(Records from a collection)
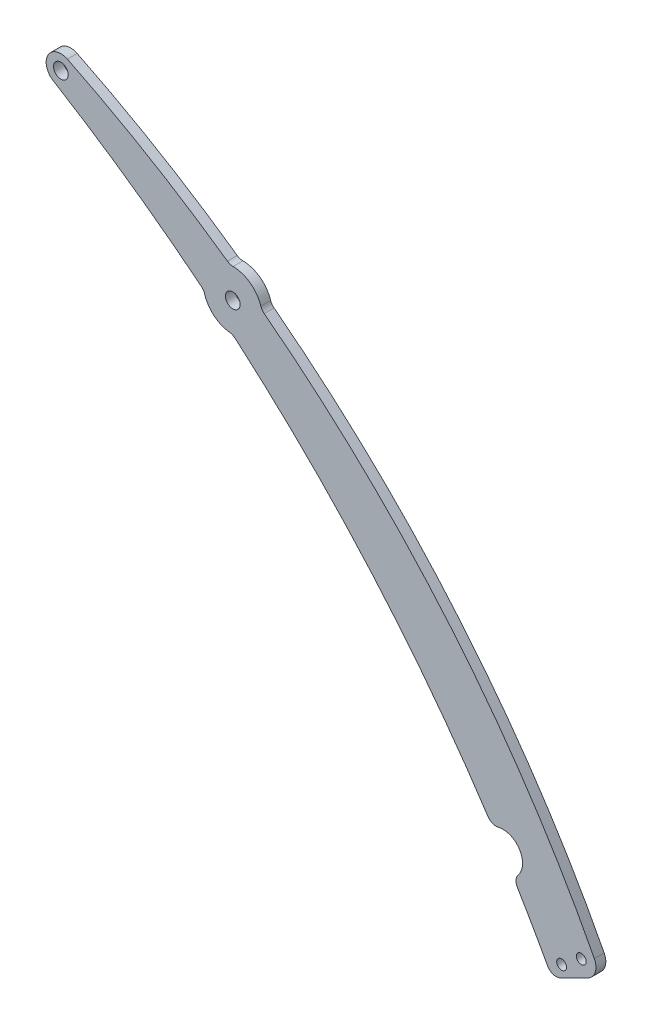
ISO-10303-21;
HEADER;
FILE_DESCRIPTION(('STEP AP214'),'2;1');
FILE_NAME('part.step','',(''),(''),'','','');
FILE_SCHEMA(('AUTOMOTIVE_DESIGN { 1 0 10303 214 1 1 1 1 }'));
ENDSEC;
DATA;
#1=APPLICATION_CONTEXT('core data for automotive mechanical design processes');
#2=APPLICATION_PROTOCOL_DEFINITION('international standard','automotive_design',2000,#1);
#3=PRODUCT_CONTEXT('',#1,'mechanical');
#4=PRODUCT('Part','Part','',(#3));
#5=PRODUCT_RELATED_PRODUCT_CATEGORY('part','',(#4));
#6=PRODUCT_DEFINITION_FORMATION('','',#4);
#7=PRODUCT_DEFINITION_CONTEXT('part definition',#1,'design');
#8=PRODUCT_DEFINITION('design','',#6,#7);
#9=PRODUCT_DEFINITION_SHAPE('','',#8);
#10=(LENGTH_UNIT() NAMED_UNIT(*) SI_UNIT(.MILLI.,.METRE.));
#11=(NAMED_UNIT(*) PLANE_ANGLE_UNIT() SI_UNIT($,.RADIAN.));
#12=(NAMED_UNIT(*) SI_UNIT($,.STERADIAN.) SOLID_ANGLE_UNIT());
#13=UNCERTAINTY_MEASURE_WITH_UNIT(LENGTH_MEASURE(1.E-05),#10,'distance_accuracy_value','');
#14=(GEOMETRIC_REPRESENTATION_CONTEXT(3) GLOBAL_UNCERTAINTY_ASSIGNED_CONTEXT((#13)) GLOBAL_UNIT_ASSIGNED_CONTEXT((#10,
#11,#12)) REPRESENTATION_CONTEXT('',''));
#15=CARTESIAN_POINT('',(0.,0.,0.));
#16=DIRECTION('',(0.,0.,1.));
#17=DIRECTION('',(1.,0.,0.));
#18=AXIS2_PLACEMENT_3D('',#15,#16,#17);
#19=CARTESIAN_POINT('',(-104.441646141028,-212.746192801075,2.));
#20=DIRECTION('',(0.,0.,-1.));
#21=DIRECTION('',(-1.,0.,0.));
#22=AXIS2_PLACEMENT_3D('',#19,#20,#21);
#23=PLANE('',#22);
#24=CARTESIAN_POINT('',(-104.441646141028,-212.746192801075,2.));
#25=DIRECTION('',(0.,0.,1.));
#26=DIRECTION('',(-1.,0.,0.));
#27=AXIS2_PLACEMENT_3D('',#24,#25,#26);
#28=CIRCLE('',#27,240.);
#29=CARTESIAN_POINT('',(33.906457746994,-16.6344844545589,2.));
#30=VERTEX_POINT('',#29);
#31=CARTESIAN_POINT('',(1.32204615368389,2.69298978229209,2.));
#32=VERTEX_POINT('',#31);
#33=EDGE_CURVE('E232',#30,#32,#28,.T.);
#34=ORIENTED_EDGE('',*,*,#33,.T.);
#35=CARTESIAN_POINT('',(0.,0.,2.));
#36=DIRECTION('',(0.,0.,1.));
#37=DIRECTION('',(1.,0.,0.));
#38=AXIS2_PLACEMENT_3D('',#35,#36,#37);
#39=CIRCLE('',#38,3.);
#40=CARTESIAN_POINT('',(-1.55871058061747,-2.56328330971649,2.));
#41=VERTEX_POINT('',#40);
#42=EDGE_CURVE('E133',#32,#41,#39,.T.);
#43=ORIENTED_EDGE('',*,*,#42,.T.);
#44=CARTESIAN_POINT('',(-147.038364771582,-241.803058883256,2.));
#45=DIRECTION('',(0.,0.,-1.));
#46=DIRECTION('',(-1.,0.,0.));
#47=AXIS2_PLACEMENT_3D('',#44,#45,#46);
#48=CIRCLE('',#47,280.);
#49=CARTESIAN_POINT('',(28.589143834394,-23.7320194927445,2.));
#50=VERTEX_POINT('',#49);
#51=EDGE_CURVE('E279',#41,#50,#48,.T.);
#52=ORIENTED_EDGE('',*,*,#51,.T.);
#53=CARTESIAN_POINT('',(27.3346616300656,-25.2896697741052,2.));
#54=DIRECTION('',(0.,0.,-1.));
#55=DIRECTION('',(-1.,0.,0.));
#56=AXIS2_PLACEMENT_3D('',#53,#54,#55);
#57=CIRCLE('',#56,2.);
#58=CARTESIAN_POINT('',(29.2509962225486,-24.7172523305791,2.));
#59=VERTEX_POINT('',#58);
#60=EDGE_CURVE('E299',#50,#59,#57,.T.);
#61=ORIENTED_EDGE('',*,*,#60,.T.);
#62=CARTESIAN_POINT('',(35.,-23.,2.));
#63=DIRECTION('',(0.,0.,1.));
#64=DIRECTION('',(1.,0.,0.));
#65=AXIS2_PLACEMENT_3D('',#62,#63,#64);
#66=CIRCLE('',#65,6.00000000000246);
#67=CARTESIAN_POINT('',(34.3571848035066,-28.9654663374448,2.));
#68=VERTEX_POINT('',#67);
#69=EDGE_CURVE('E294',#59,#68,#66,.T.);
#70=ORIENTED_EDGE('',*,*,#69,.T.);
#71=CARTESIAN_POINT('',(34.1429130713422,-30.9539551165922,2.));
#72=DIRECTION('',(0.,0.,-1.));
#73=DIRECTION('',(1.,0.,0.));
#74=AXIS2_PLACEMENT_3D('',#71,#72,#73);
#75=CIRCLE('',#74,2.);
#76=CARTESIAN_POINT('',(35.4463755018668,-29.4370550894939,2.));
#77=VERTEX_POINT('',#76);
#78=EDGE_CURVE('E298',#68,#77,#75,.T.);
#79=ORIENTED_EDGE('',*,*,#78,.T.);
#80=CARTESIAN_POINT('',(-147.038364771582,-241.803058883256,2.));
#81=DIRECTION('',(0.,0.,-1.));
#82=DIRECTION('',(-1.,0.,0.));
#83=AXIS2_PLACEMENT_3D('',#80,#81,#82);
#84=CIRCLE('',#83,280.);
#85=CARTESIAN_POINT('',(86.9517610214961,-88.0219773701524,2.));
#86=VERTEX_POINT('',#85);
#87=EDGE_CURVE('E300',#77,#86,#84,.T.);
#88=ORIENTED_EDGE('',*,*,#87,.T.);
#89=CARTESIAN_POINT('',(88.6231190628752,-86.9235410736303,2.));
#90=DIRECTION('',(0.,0.,1.));
#91=DIRECTION('',(-1.,0.,0.));
#92=AXIS2_PLACEMENT_3D('',#89,#90,#91);
#93=CIRCLE('',#92,2.);
#94=CARTESIAN_POINT('',(89.0820793752501,-88.8701677537271,2.));
#95=VERTEX_POINT('',#94);
#96=EDGE_CURVE('E304',#86,#95,#93,.T.);
#97=ORIENTED_EDGE('',*,*,#96,.T.);
#98=CARTESIAN_POINT('',(90.,-92.7634211139207,2.));
#99=DIRECTION('',(0.,0.,-1.));
#100=DIRECTION('',(-1.,0.,0.));
#101=AXIS2_PLACEMENT_3D('',#98,#99,#100);
#102=CIRCLE('',#101,3.99999999999999);
#103=CARTESIAN_POINT('',(93.1109286253578,-95.2778043559762,2.));
#104=VERTEX_POINT('',#103);
#105=EDGE_CURVE('E307',#95,#104,#102,.T.);
#106=ORIENTED_EDGE('',*,*,#105,.T.);
#107=CARTESIAN_POINT('',(94.6663929380367,-96.5349959770039,2.));
#108=DIRECTION('',(0.,0.,1.));
#109=DIRECTION('',(1.,0.,0.));
#110=AXIS2_PLACEMENT_3D('',#107,#108,#109);
#111=CIRCLE('',#110,2.);
#112=CARTESIAN_POINT('',(92.9521747982521,-97.5652659266937,2.));
#113=VERTEX_POINT('',#112);
#114=EDGE_CURVE('E310',#104,#113,#111,.T.);
#115=ORIENTED_EDGE('',*,*,#114,.T.);
#116=CARTESIAN_POINT('',(-147.038364771582,-241.803058883256,2.));
#117=DIRECTION('',(0.,0.,-1.));
#118=DIRECTION('',(-1.,0.,0.));
#119=AXIS2_PLACEMENT_3D('',#116,#117,#118);
#120=CIRCLE('',#119,280.);
#121=CARTESIAN_POINT('',(99.0817764541614,-108.293223728611,2.));
#122=VERTEX_POINT('',#121);
#123=EDGE_CURVE('E313',#113,#122,#120,.T.);
#124=ORIENTED_EDGE('',*,*,#123,.T.);
#125=CARTESIAN_POINT('',(100.839777462917,-107.339582048935,2.));
#126=DIRECTION('',(0.,0.,1.));
#127=DIRECTION('',(1.,0.,0.));
#128=AXIS2_PLACEMENT_3D('',#125,#126,#127);
#129=CIRCLE('',#128,1.99999999999999);
#130=CARTESIAN_POINT('',(101.737876551127,-109.126595766777,2.));
#131=VERTEX_POINT('',#130);
#132=EDGE_CURVE('E311',#122,#131,#129,.T.);
#133=ORIENTED_EDGE('',*,*,#132,.T.);
#134=DIRECTION('',(0.893506858920948,0.449049544105348,0.));
#135=VECTOR('',#134,1.);
#136=CARTESIAN_POINT('',(107.302513423485,-106.329977446844,2.));
#137=LINE('',#136,#135);
#138=CARTESIAN_POINT('',(107.302513423485,-106.329977446844,2.));
#139=VERTEX_POINT('',#138);
#140=EDGE_CURVE('E312',#131,#139,#137,.T.);
#141=ORIENTED_EDGE('',*,*,#140,.T.);
#142=CARTESIAN_POINT('',(105.955364791169,-103.649456870081,2.));
#143=DIRECTION('',(0.,0.,1.));
#144=DIRECTION('',(-1.,0.,0.));
#145=AXIS2_PLACEMENT_3D('',#142,#143,#144);
#146=CIRCLE('',#145,2.99999999999999);
#147=CARTESIAN_POINT('',(108.618618094108,-102.268485529183,2.));
#148=VERTEX_POINT('',#147);
#149=EDGE_CURVE('E320',#139,#148,#146,.T.);
#150=ORIENTED_EDGE('',*,*,#149,.T.);
#151=CARTESIAN_POINT('',(-104.441646141028,-212.746192801075,2.));
#152=DIRECTION('',(0.,0.,1.));
#153=DIRECTION('',(-1.,0.,0.));
#154=AXIS2_PLACEMENT_3D('',#151,#152,#153);
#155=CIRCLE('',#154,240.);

> _Task item_: An exact copy of the lines above between the line holding "#117=DIRECTION('',(0.,0.,-1.));" and the line holding "#154=AXIS2_PLACEMENT_3D('',#151,#152,#153);", inclusive, is the whole answer.

> _Answer for the task_:
#117=DIRECTION('',(0.,0.,-1.));
#118=DIRECTION('',(-1.,0.,0.));
#119=AXIS2_PLACEMENT_3D('',#116,#117,#118);
#120=CIRCLE('',#119,280.);
#121=CARTESIAN_POINT('',(99.0817764541614,-108.293223728611,2.));
#122=VERTEX_POINT('',#121);
#123=EDGE_CURVE('E313',#113,#122,#120,.T.);
#124=ORIENTED_EDGE('',*,*,#123,.T.);
#125=CARTESIAN_POINT('',(100.839777462917,-107.339582048935,2.));
#126=DIRECTION('',(0.,0.,1.));
#127=DIRECTION('',(1.,0.,0.));
#128=AXIS2_PLACEMENT_3D('',#125,#126,#127);
#129=CIRCLE('',#128,1.99999999999999);
#130=CARTESIAN_POINT('',(101.737876551127,-109.126595766777,2.));
#131=VERTEX_POINT('',#130);
#132=EDGE_CURVE('E311',#122,#131,#129,.T.);
#133=ORIENTED_EDGE('',*,*,#132,.T.);
#134=DIRECTION('',(0.893506858920948,0.449049544105348,0.));
#135=VECTOR('',#134,1.);
#136=CARTESIAN_POINT('',(107.302513423485,-106.329977446844,2.));
#137=LINE('',#136,#135);
#138=CARTESIAN_POINT('',(107.302513423485,-106.329977446844,2.));
#139=VERTEX_POINT('',#138);
#140=EDGE_CURVE('E312',#131,#139,#137,.T.);
#141=ORIENTED_EDGE('',*,*,#140,.T.);
#142=CARTESIAN_POINT('',(105.955364791169,-103.649456870081,2.));
#143=DIRECTION('',(0.,0.,1.));
#144=DIRECTION('',(-1.,0.,0.));
#145=AXIS2_PLACEMENT_3D('',#142,#143,#144);
#146=CIRCLE('',#145,2.99999999999999);
#147=CARTESIAN_POINT('',(108.618618094108,-102.268485529183,2.));
#148=VERTEX_POINT('',#147);
#149=EDGE_CURVE('E320',#139,#148,#146,.T.);
#150=ORIENTED_EDGE('',*,*,#149,.T.);
#151=CARTESIAN_POINT('',(-104.441646141028,-212.746192801075,2.));
#152=DIRECTION('',(0.,0.,1.));
#153=DIRECTION('',(-1.,0.,0.));
#154=AXIS2_PLACEMENT_3D('',#151,#152,#153);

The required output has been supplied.